To recreate what was happening with TND’s service, run the following SQL:
-- Call #1 INSERT dbo.BookPrice_Request(ISBN) VALUES('9780575082076') -- The calling code would get the newly-INSERTed RequestID from SCOPE_IDENTITY() -- This is the first INSERT into the table, so the returned RequestID will be 1. -- ... our service gets the response from Amazon... INSERT dbo.BookPrice_Response(RequestID,ResponseTypeID,Price) VALUES(1, 10, 8.99) -- Call #2 INSERT dbo.BookPrice_Request(ISBN) VALUES('9780575082076') -- the RequestID returned is 2 -- ... our service gets the response 'Out of stock' from Amazon... INSERT dbo.BookPrice_Response(RequestID,ResponseTypeID,Price) VALUES(2, 20, NULL) -- Call #3 INSERT dbo.BookPrice_Request(ISBN) VALUES('9780575082076') -- the RequestID returned is 3 -- ... our service call fails, there's a problem with the network... INSERT dbo.BookPrice_Response(RequestID,ResponseTypeID,Price) VALUES(3, 30, NULL)
Let’s say a fourth service call was completely successful:
-- Call #4 INSERT dbo.BookPrice_Request(ISBN) VALUES('9780575082076') -- the RequestID returned is 4 -- ... our service gets the response from Amazon... INSERT dbo.BookPrice_Response(RequestID,ResponseTypeID,Price) VALUES(4, 10, 6.99) -- it's on offer at a reduced price
Then to get the latest price for a book (and when that price was obtained), the query is simply:
SELECT TOP 1 rp.Price ,rp.CreatedOn FROM dbo.BookPrice_Response rp JOIN dbo.BookPrice_Request rq ON rq.RequestID = rp.RequestID WHERE rq.ISBN = '9780575082076' AND rp.ResponseTypeID = 10 ORDER BY rp.ResponseID DESC
Our Request and Response tables have a complete record of everything that has happened in our service, and it’s simple for the analyst to build reports around how efficient the service is, and if it’s working correctly.
Before I go, a quick ‘gotcha’ – it’s fresh in my mind because I noticed this in a particular service’s database a few days ago: every Request record had a Response.
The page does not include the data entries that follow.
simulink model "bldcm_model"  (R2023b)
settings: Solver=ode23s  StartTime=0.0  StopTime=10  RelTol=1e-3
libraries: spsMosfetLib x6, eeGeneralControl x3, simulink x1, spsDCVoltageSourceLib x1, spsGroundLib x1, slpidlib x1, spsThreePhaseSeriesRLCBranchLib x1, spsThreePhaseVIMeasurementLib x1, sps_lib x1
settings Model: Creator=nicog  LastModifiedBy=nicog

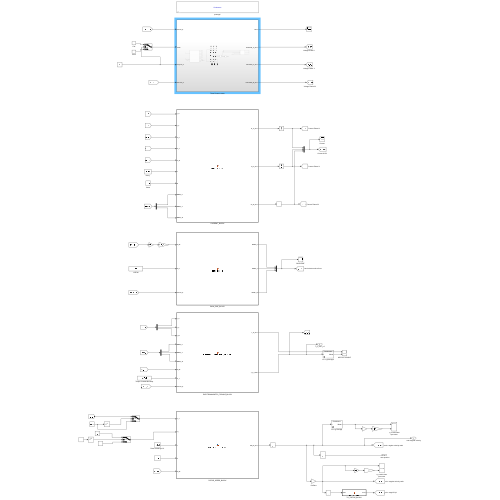
[thumbnail: Simulink's stored preview of the top-level diagram]
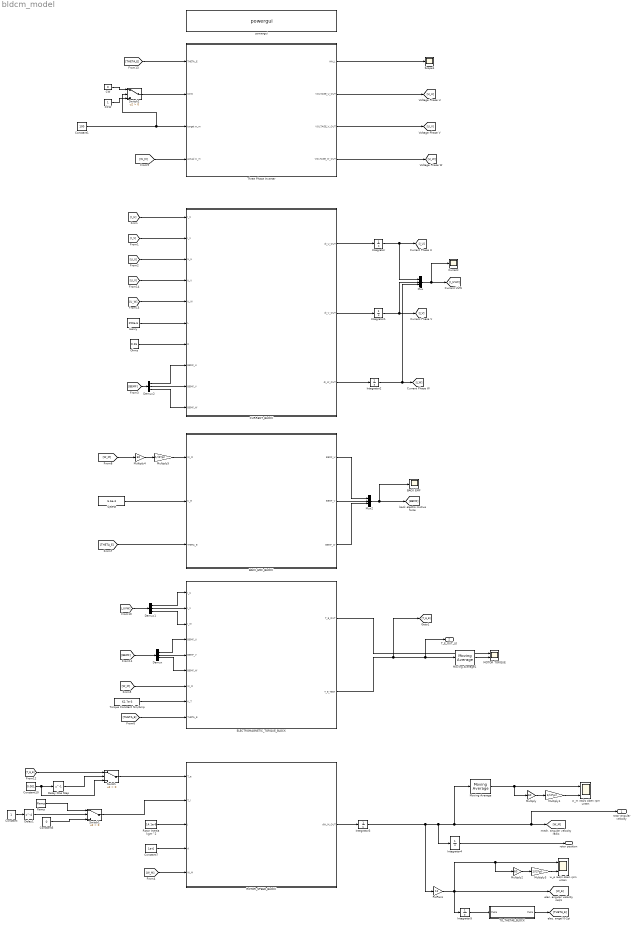
== system bldcm_model ==
  BACK EMF : Scope
  BACK_EMF_BLOCK : MATLAB Function  TreatAsAtomicUnit=on
  CCW : Constant
  CURRENT_BLOCK : MATLAB Function  TreatAsAtomicUnit=on
  CW : Constant  Value=0
  Constant : Constant
  Constant1 : Constant  Value=100
  Constant10 : Constant  Value=0.001
  Constant5 : Constant  Value=0
  Constant7 : Constant  Value=1e-6
  Current : Scope
  Delay One Step : Delay  DelayLength=1
  Delay1 : Delay  DelayLength=4
  Demux : Demux  Outputs=3
  Demux1 : Demux  Outputs=3
  Demux2 : Demux  Outputs=3
  ELECTROMAGNETIC_TORQUE_BLOCK : MATLAB Function  TreatAsAtomicUnit=on
  Henry : Constant  Value=250e-6
  Integrator{,1..5} (6 alike) : Integrator
  MOTOR TORQUE : Scope  NumInputPorts=2
  Moving Average : eeGeneralControl/Moving Average  VariantControl=Variant1  LabelModeActiveChoice=Continuous  f=30  x0=0  BufferSize=8192  Ts=0
      settings: LibrarySourceBlock=ee_sl_lib/General Control/Moving Average
  Moving Average1 : eeGeneralControl/Moving Average  VariantControl=Variant1  LabelModeActiveChoice=Continuous  f=30  x0=0  BufferSize=8192  Ts=0
      settings: LibrarySourceBlock=ee_sl_lib/General Control/Moving Average
  Multiply : Gain  Gain=60
  Multiply1 : Gain  Gain=1/(2*pi)
  Multiply2 : Gain  Gain=60
  Multiply3 : Gain  Gain=1/(2*pi)
  Multiply4 : Gain  Gain=60
  Multiply5 : Gain  Gain=1/(2*pi)
  Mux : Mux  Inputs=3
  Mux2 : Mux  Inputs=3
  Ohms : Constant  Value=0.26
  PolPairs : Gain  Gain=12
  ROTOR_SPEED_BLOCK : MATLAB Function  TreatAsAtomicUnit=on
  Ramp : simulink/Sources/Ramp  slope=1  start=1  InitialOutput=1
  Rotor Inertia kgm^2 : Constant  Value=14.1e-6
  Scope1 : Scope
  Switch : Switch  Criteria=u2 > Threshold  SaturateOnIntegerOverflow=off  InputSameDT=off
  Switch1 : Switch  Criteria=u2 > Threshold  SaturateOnIntegerOverflow=off  InputSameDT=off
  Switch2 : Switch  Criteria=u2 > Threshold  SaturateOnIntegerOverflow=off  InputSameDT=off
  TO_THETAE_BLOCK : MATLAB Function  TreatAsAtomicUnit=on
  Three Phase Inverter : Subsystem
  Torque Constant Nm/Amp : Constant  Value=62.7e-3
  V/RPM : Constant  Value=6.6e-3
  powergui : sps_lib/powergui  Priority=1  SimulationMode=Continuous  SampleTime=50e-6  frequency=60  Iterations=50  frequencyindice=0  Pbase=100e6  ErrMax=1e-4  UnitsV=kV  UnitsW=MW  buscounter=0  FunctionMessages=off  echomessages=off  EnableUseOfTLC=off  CurrentSourceSwitches=off  DisableSnubberDevices=off  DisableRonSwitches=off  DisableVfSwitches=off  DisplayEquations=off  AutomaticDiscreteSolvers=off  SolverType=Tustin/Backward Euler (TBE)  Interpol=off  ExternalGateDelay=off  methode=off  Ts=100  x0status=blocks  SPID=on  SwTol=0  HookPort=off  NonlinearTolerance=1e-4  nMaxIteration=100  ContinueOnMaxIteration=off  RestoreLinks=warning  ResistiveCurrentMeasurement=off  Frange=[0:2:500]  Ylog=off  Xlog=on  ShowGrid=off  save=off  variable=ZData  structure=0  ZoomFFT=off  StartTime=0.0  cycles=1  DisplayStyle=1  fundamental=60  FreqAxis=off  MaxFrequency=1000  frequencyindicesteady=1  RmsSteady=1  display=off
  w_e rad/s oben rpm unten : Scope  NumInputPorts=2
  w_m rad/s oben rpm unten : Scope  NumInputPorts=2
  rotor angular velocity : Outport
  T_E_OUT_L0 : Outport  Port=2
  rotor position : Outport  Port=3
  wires:
  PolPairs/1 -> [W_E], Multiply2/1, w_e rad/s oben rpm unten/1, Integrator5/1
  TO_THETAE_BLOCK/1(theta) -> [THETA_E]
  Integrator5/1 -> TO_THETAE_BLOCK/1("theta ")
  Constant1/1 -> Switch2/2, Three Phase Inverter/3(target w_m)
  CCW/1 -> Switch2/3
  Constant5/1 -> Switch1/3
  BACK_EMF_BLOCK/2(BEMF_V) -> Mux2/2
  Ramp/1 -> Switch1/1
  Moving Average1/1 -> MOTOR TORQUE/2
  Integrator4/1 -> rotor position/1
  Three Phase Inverter/4(VOLTAGE_W_OUT) -> [U_W]
  Rotor Inertia kgm^2/1 -> ROTOR_SPEED_BLOCK/3(J)
  [W_M] -> ROTOR_SPEED_BLOCK/5(W_M)
  Demux1/2 -> ELECTROMAGNETIC_TORQUE_BLOCK/2(I_V)
  Demux1/1 -> ELECTROMAGNETIC_TORQUE_BLOCK/1(I_U)
  Multiply/1 -> Multiply1/1
  Integrator1/1 -> [I_V], Mux/2
  ROTOR_SPEED_BLOCK/1(dW_M_OUT) -> Integrator3/1
  Demux/3 -> ELECTROMAGNETIC_TORQUE_BLOCK/6(BEMF_W)
  Delay One Step/1 -> Switch/2
  CURRENT_BLOCK/2(dI_V_OUT) -> Integrator1/1
  Moving Average/1 -> Multiply/1, w_m rad/s oben rpm unten/1
  CURRENT_BLOCK/1(dI_U_OUT) -> Integrator/1
  ELECTROMAGNETIC_TORQUE_BLOCK/1(T_E_OUT) -> MOTOR TORQUE/1
  [BEMF] -> Demux2/1
  ELECTROMAGNETIC_TORQUE_BLOCK/2(T_E_TEST) -> T_E_OUT_L0/1, Moving Average1/1, [T_E_B]
  Demux2/3 -> CURRENT_BLOCK/10(BEMF_W)
  [U_U] -> CURRENT_BLOCK/3(U_U)
  Torque Constant Nm/Amp/1 -> ELECTROMAGNETIC_TORQUE_BLOCK/8(K_T)
  Integrator2/1 -> [I_W], Mux/3
  Constant/1 -> Delay1/1
  [I_V] -> CURRENT_BLOCK/2(I_V)
  [THETA_E] -> ELECTROMAGNETIC_TORQUE_BLOCK/9(THETA_E)
  [W_M] -> Multiply4/1
  Demux2/1 -> CURRENT_BLOCK/8(BEMF_U)
  Constant10/1 -> Delay One Step/1, Switch/3
  Multiply2/1 -> Multiply3/1
  [U_W] -> CURRENT_BLOCK/5(U_W)
  [I_UVW] -> Demux1/1
  Integrator3/1 -> PolPairs/1, Integrator4/1, Moving Average/1, rotor angular velocity/1, [W_M]
  Multiply3/1 -> w_e rad/s oben rpm unten/2
  Integrator/1 -> [I_U], Mux/1
  Demux1/3 -> ELECTROMAGNETIC_TORQUE_BLOCK/3(I_W)
  Switch2/1 -> Three Phase Inverter/2(CCW)
  Constant7/1 -> ROTOR_SPEED_BLOCK/4(d)
  Demux/1 -> ELECTROMAGNETIC_TORQUE_BLOCK/4(BEMF_U)
  Demux2/2 -> CURRENT_BLOCK/9(BEMF_V)
  V/RPM/1 -> BACK_EMF_BLOCK/2(K_E)
  Multiply1/1 -> w_m rad/s oben rpm unten/2
  Delay1/1 -> Switch1/2
  [I_U] -> CURRENT_BLOCK/1(I_U)
  BACK_EMF_BLOCK/3(BEMF_W) -> Mux2/3
  Multiply5/1 -> BACK_EMF_BLOCK/1(W_M)
  Switch/1 -> ROTOR_SPEED_BLOCK/1(T_e)
  [W_M] -> ELECTROMAGNETIC_TORQUE_BLOCK/7(W_M)
  [BEMF] -> Demux/1
  Henry/1 -> CURRENT_BLOCK/6(L)
  CW/1 -> Switch2/1
  Three Phase Inverter/3(VOLTAGE_V_OUT) -> [U_V]
  BACK_EMF_BLOCK/1(BEMF_U) -> Mux2/1
  [U_V] -> CURRENT_BLOCK/4(U_V)
  [T_E_B] -> Switch/1
  Three Phase Inverter/2(VOLTAGE_U_OUT) -> [U_U]
  Mux/1 -> Current/1, [I_UVW]
  Ohms/1 -> CURRENT_BLOCK/7(R)
  [W_M] -> Three Phase Inverter/4(actual w_m)
  Three Phase Inverter/1(HALL) -> Scope1/1
  Multiply4/1 -> Multiply5/1
  Mux2/1 -> BACK EMF/1, [BEMF]
  CURRENT_BLOCK/3(dI_W_OUT) -> Integrator2/1
  Demux/2 -> ELECTROMAGNETIC_TORQUE_BLOCK/5(BEMF_V)
  [THETA_E] -> BACK_EMF_BLOCK/3(THETA_E)
  [THETA_E] -> Three Phase Inverter/1(THETA_E)
  Switch1/1 -> ROTOR_SPEED_BLOCK/2(T_l)

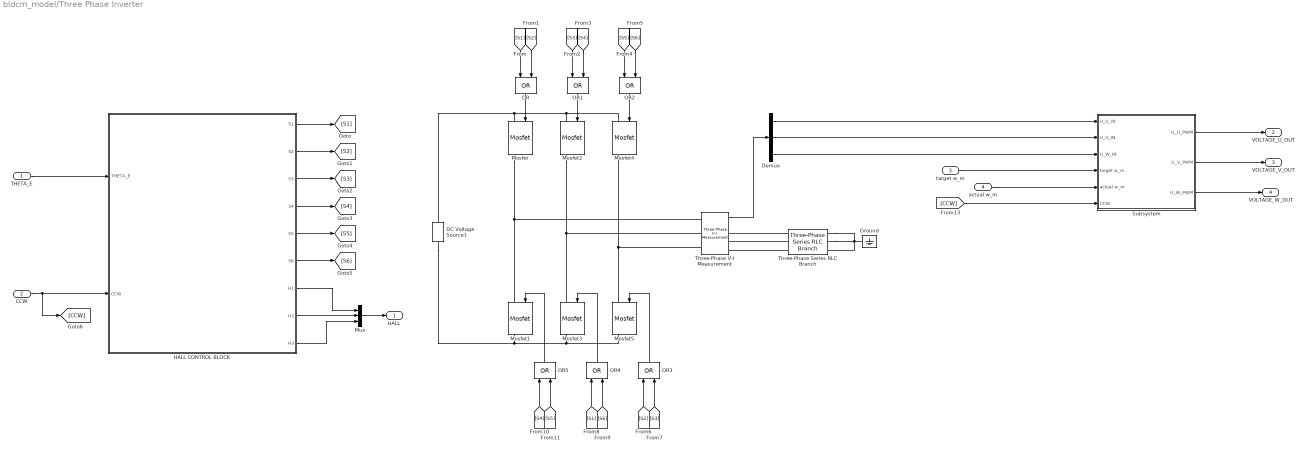
== system bldcm_model/Three Phase Inverter ==
  THETA_E : Inport
  CCW : Inport  Port=2
  target w_m : Inport  Port=3
  actual w_m : Inport  Port=4
  DC Voltage Source1 : spsDCVoltageSourceLib/DC Voltage Source  Amplitude=48  Measurements=None
  Demux : Demux  Outputs=3
  Ground : spsGroundLib/Ground  LConnTagsString=a
  HALL CONTROL BLOCK : MATLAB Function  TreatAsAtomicUnit=on
  Mosfet{,1..5} (6 alike) : spsMosfetLib/Mosfet  Ron=0.1  Lon=0  Rd=0.01  Vfd=0  IC=0  Rs=1e5  Cs=inf  Measurements=on
  Mux : Mux  Inputs=3
  OR{,1..5} (6 alike) : Logic  Operator=OR  IconShape=distinctive  AllPortsSameDT=off  OutDataTypeStr=boolean
  Subsystem : Subsystem
  Three-Phase Series RLC Branch : spsThreePhaseSeriesRLCBranchLib/Three-Phase Series RLC Branch  LConnTagsString=A|B|C  RConnTagsString=A|B|C  BranchType=RL  Resistance=100000  Inductance=0.3e-3  Capacitance=1e-6  Measurements=None
  Three-Phase V-I Measurement : spsThreePhaseVIMeasurementLib/Three-Phase V-I Measurement  VoltageMeasurement=phase-to-ground  SetLabelV=off  LabelV=Vabc  Vpu=off  VpuLL=off  CurrentMeasurement=yes  SetLabelI=off  LabelI=Iabc  Ipu=off  Pbase=100e6  Vbase=500e3  OutputType=Complex  PhasorSimulation=off  PSBequivalent=0
  HALL : Outport
  VOLTAGE_U_OUT : Outport  Port=2
  VOLTAGE_V_OUT : Outport  Port=3
  VOLTAGE_W_OUT : Outport  Port=4
  wires:
  Three-Phase V-I Measurement/1 -> Demux/1
  Demux/1 -> Subsystem/1(U_U_IN)
  Demux/2 -> Subsystem/2(U_V_IN)
  Demux/3 -> Subsystem/3(U_W_IN)
  OR/1 -> Mosfet/1
  HALL CONTROL BLOCK/1(S1) -> [S1]
  [S1] -> OR/1
  HALL CONTROL BLOCK/2(S2) -> [S2]
  [S2] -> OR/2
  [S4] -> OR1/2
  [S3] -> OR1/1
  OR1/1 -> Mosfet2/1
  [S6] -> OR2/2
  [S5] -> OR2/1
  OR2/1 -> Mosfet4/1
  HALL CONTROL BLOCK/4(S4) -> [S4]
  HALL CONTROL BLOCK/3(S3) -> [S3]
  HALL CONTROL BLOCK/5(S5) -> [S5]
  HALL CONTROL BLOCK/6(S6) -> [S6]
  [S3] -> OR3/2
  [S4] -> OR5/1
  [S5] -> OR5/2
  [S6] -> OR4/2
  [S2] -> OR3/1
  [S1] -> OR4/1
  OR5/1 -> Mosfet1/1
  OR4/1 -> Mosfet3/1
  OR3/1 -> Mosfet5/1
  THETA_E/1 -> HALL CONTROL BLOCK/1(THETA_E)
  HALL CONTROL BLOCK/7(H1) -> Mux/1
  HALL CONTROL BLOCK/8(H2) -> Mux/2
  HALL CONTROL BLOCK/9(H3) -> Mux/3
  Mux/1 -> HALL/1
  Subsystem/1(U_U_PWM) -> VOLTAGE_U_OUT/1
  Subsystem/3(U_W_PWM) -> VOLTAGE_W_OUT/1
  Subsystem/2(U_V_PWM) -> VOLTAGE_V_OUT/1
  CCW/1 -> [CCW], HALL CONTROL BLOCK/2(CCW)
  [CCW] -> Subsystem/6(CCW)
  target w_m/1 -> Subsystem/4(target w_m)
  actual w_m/1 -> Subsystem/5(actual w_m)
  connections:
  Three-Phase V-I Measurement/LConn3 -- Mosfet5/LConn1 -- Mosfet4/RConn1
  Mosfet1/RConn1 -- DC Voltage Source1/LConn1 -- Mosfet5/RConn1 -- Mosfet3/RConn1
  Mosfet/LConn1 -- DC Voltage Source1/RConn1 -- Mosfet4/LConn1 -- Mosfet2/LConn1
  Mosfet1/LConn1 -- Mosfet/RConn1 -- Three-Phase V-I Measurement/LConn1
  Three-Phase V-I Measurement/LConn2 -- Mosfet3/LConn1 -- Mosfet2/RConn1
  Three-Phase Series RLC Branch/RConn3 -- Three-Phase Series RLC Branch/RConn2 -- Ground/LConn1 -- Three-Phase Series RLC Branch/RConn1
  Three-Phase Series RLC Branch/LConn1 -- Three-Phase V-I Measurement/RConn1
  Three-Phase Series RLC Branch/LConn2 -- Three-Phase V-I Measurement/RConn2
  Three-Phase Series RLC Branch/LConn3 -- Three-Phase V-I Measurement/RConn3

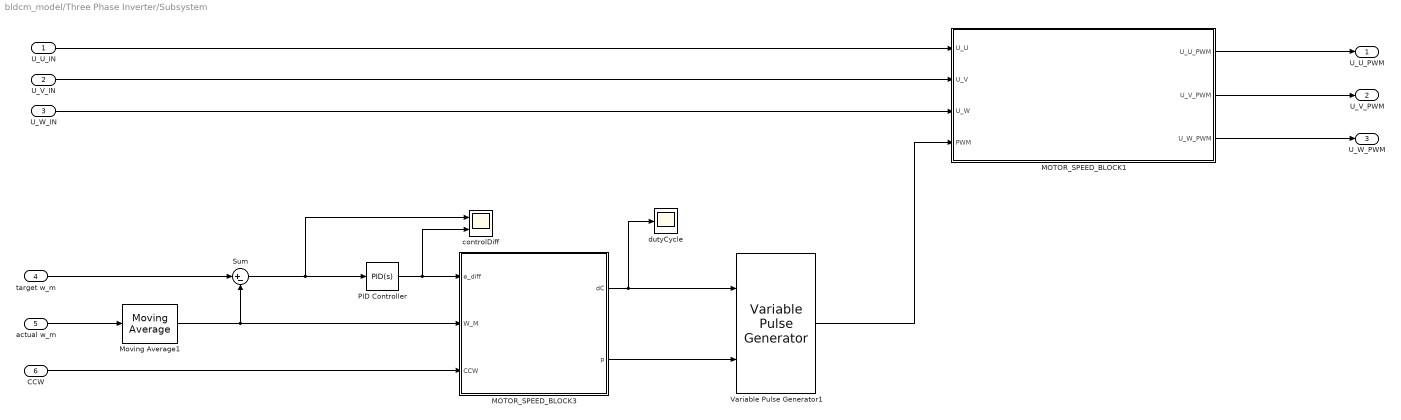
== system bldcm_model/Three Phase Inverter/Subsystem ==
  U_U_IN : Inport
  U_V_IN : Inport  Port=2
  U_W_IN : Inport  Port=3
  target w_m : Inport  Port=4
  actual w_m : Inport  Port=5
  CCW : Inport  Port=6
  MOTOR_SPEED_BLOCK1 : MATLAB Function  TreatAsAtomicUnit=on
  MOTOR_SPEED_BLOCK3 : MATLAB Function  TreatAsAtomicUnit=on
  Moving Average1 : eeGeneralControl/Moving Average  VariantControl=Variant1  LabelModeActiveChoice=Continuous  f=60  x0=0  BufferSize=8192  Ts=0
      settings: LibrarySourceBlock=ee_sl_lib/General Control/Moving Average
  PID Controller : slpidlib/PID Controller  Controller=PID  Form=Parallel  TimeDomain=Continuous-time  UseExternalTs=off  SampleTime=-1  IntegratorMethod=Forward Euler  FilterMethod=Forward Euler  ControllerParametersSource=internal  P=0.2  I=1  UseKiTs=off  D=0  N=100  UseFilter=on  TunerSelectOption=Transfer Function Based (PID Tuner App)  InitialConditionSource=internal  InitialConditionForIntegrator=0  InitialConditionForFilter=0  DifferentiatorICPrevScaledInput=0  ExternalReset=none  TrackingMode=off  Kt=1  LimitOutput=off  SatLimitsSource=internal  UpperSaturationLimit=inf  LowerSaturationLimit=-inf  LinearizeAsGain=on  AntiWindupMode=none  Kb=1  LimitIntegrator=off  UpperIntegratorSaturationLimit=inf  LowerIntegratorSaturationLimit=-inf  POutMin=[]  POutMax=[]  IOutMin=[]  IOutMax=[]  DOutMin=[]  DOutMax=[]  NOutMin=[]  NOutMax=[]  SumOutMin=[]  SumOutMax=[]  SaturationOutMin=[]  SaturationOutMax=[]  PParamMin=[]  PParamMax=[]  IParamMin=[]  IParamMax=[]  DParamMin=[]  DParamMax=[]  NParamMin=[]  NParamMax=[]  KbParamMin=[]  KbParamMax=[]  KtParamMin=[]  KtParamMax=[]  KbOutMin=[]  KbOutMax=[]  KtOutMin=[]  KtOutMax=[]  IntegratorOutMin=[]  IntegratorOutMax=[]  FilterOutMin=[]  FilterOutMax=[]  SumI1OutMin=[]  SumI1OutMax=[]  SumI2OutMin=[]  SumI2OutMax=[]  SumI3OutMin=[]  SumI3OutMax=[]  SumI4OutMin=[]  SumI4OutMax=[]  SumDOutMin=[]  SumDOutMax=[]  DifferentiatorOutMin=[]  DifferentiatorOutMax=[]  FilterDiffOutCoefMin=[]  FilterDiffOutCoefMax=[]  ReciprocalOutMin=[]  ReciprocalOutMax=[]  SumDenOutMin=[]  SumDenOutMax=[]  SumNumOutMin=[]  SumNumOutMax=[]  DivideOutMin=[]  DivideOutMax=[]  UdiffTsProdOutMin=[]  UdiffTsProdOutMax=[]  NTsProdOutMin=[]  NTsProdOutMax=[]  UintegralTsProdOutMin=[]  UintegralTsProdOutMax=[]  UngainTsProdOutMin=[]  UngainTsProdOutMax=[]  ClampingZeroOutDataTypeStr=Inherit: Inherit via back propagation  ClampingZeroOutMin=[]  ClampingZeroOutMax=[]  FilterDenConstantOutDataTypeStr=Inherit: Inherit via back propagation  FilterDenConstantOutMin=[]  FilterDenConstantOutMax=[]  PCopyOutDataTypeStr=Inherit: Inherit via back propagation  PCopyOutMin=[]  PCopyOutMax=[]  NCopyOutDataTypeStr=Inherit: Inherit via back propagation  NCopyOutMin=[]  NCopyOutMax=[]  IntegratorContinuousStateAttributes=''  IntegratorStateMustResolveToSignalObject=off  IntegratorRTWStateStorageClass=Auto  FilterContinuousStateAttributes=''  FilterStateMustResolveToSignalObject=off  FilterRTWStateStorageClass=Auto  ParallelPVariant=InternalParameters  IdealPVariant=Disabled  IVariant=InternalParameters  DVariant=InternalParameters  IntegratorVariant=Continuous  SatVariant=Disabled  AWVariant=Passthrough  PCopyVariant=Disabled  TRVariant=Disabled  FdbkBlocksVariant=Forward  IdealPFdbkVariant=Disabled  SatFdbkVariant=Disabled  DerivativeFilterVariant=ContFilter  NVariant=InternalParameters  NCopyVariant=Disabled  FilterICVariant=InternalICsFilter  IntegratorICVariant=InternalICs  ExternalResetVariant=Disabled  TRSumVariant=Passthrough  SumFdbkVariant=Disabled  SumVariant=Sum_PID  TsampFilterVariant=InternalTs  TsampNgainVariant=Passthrough  TsampIntegralVariant=Disabled_SignalSpec  ExternalSaturationOutDataTypeStr=Inherit: Same as second input
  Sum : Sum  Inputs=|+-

Now, while that’s certainly the perfect situation, it’s just not realistic; things go wrong. In this case, it turns out that the INSERT into the Request table was only being done at the end of the process, only when a Response had been successfully received. So errors were being returned from the 3rd party system, but the service code was bombing out – therefore we had no visibility of this in the database. It’s very important: the Request and Response have to be written back to the database as soon as they happen, without delay.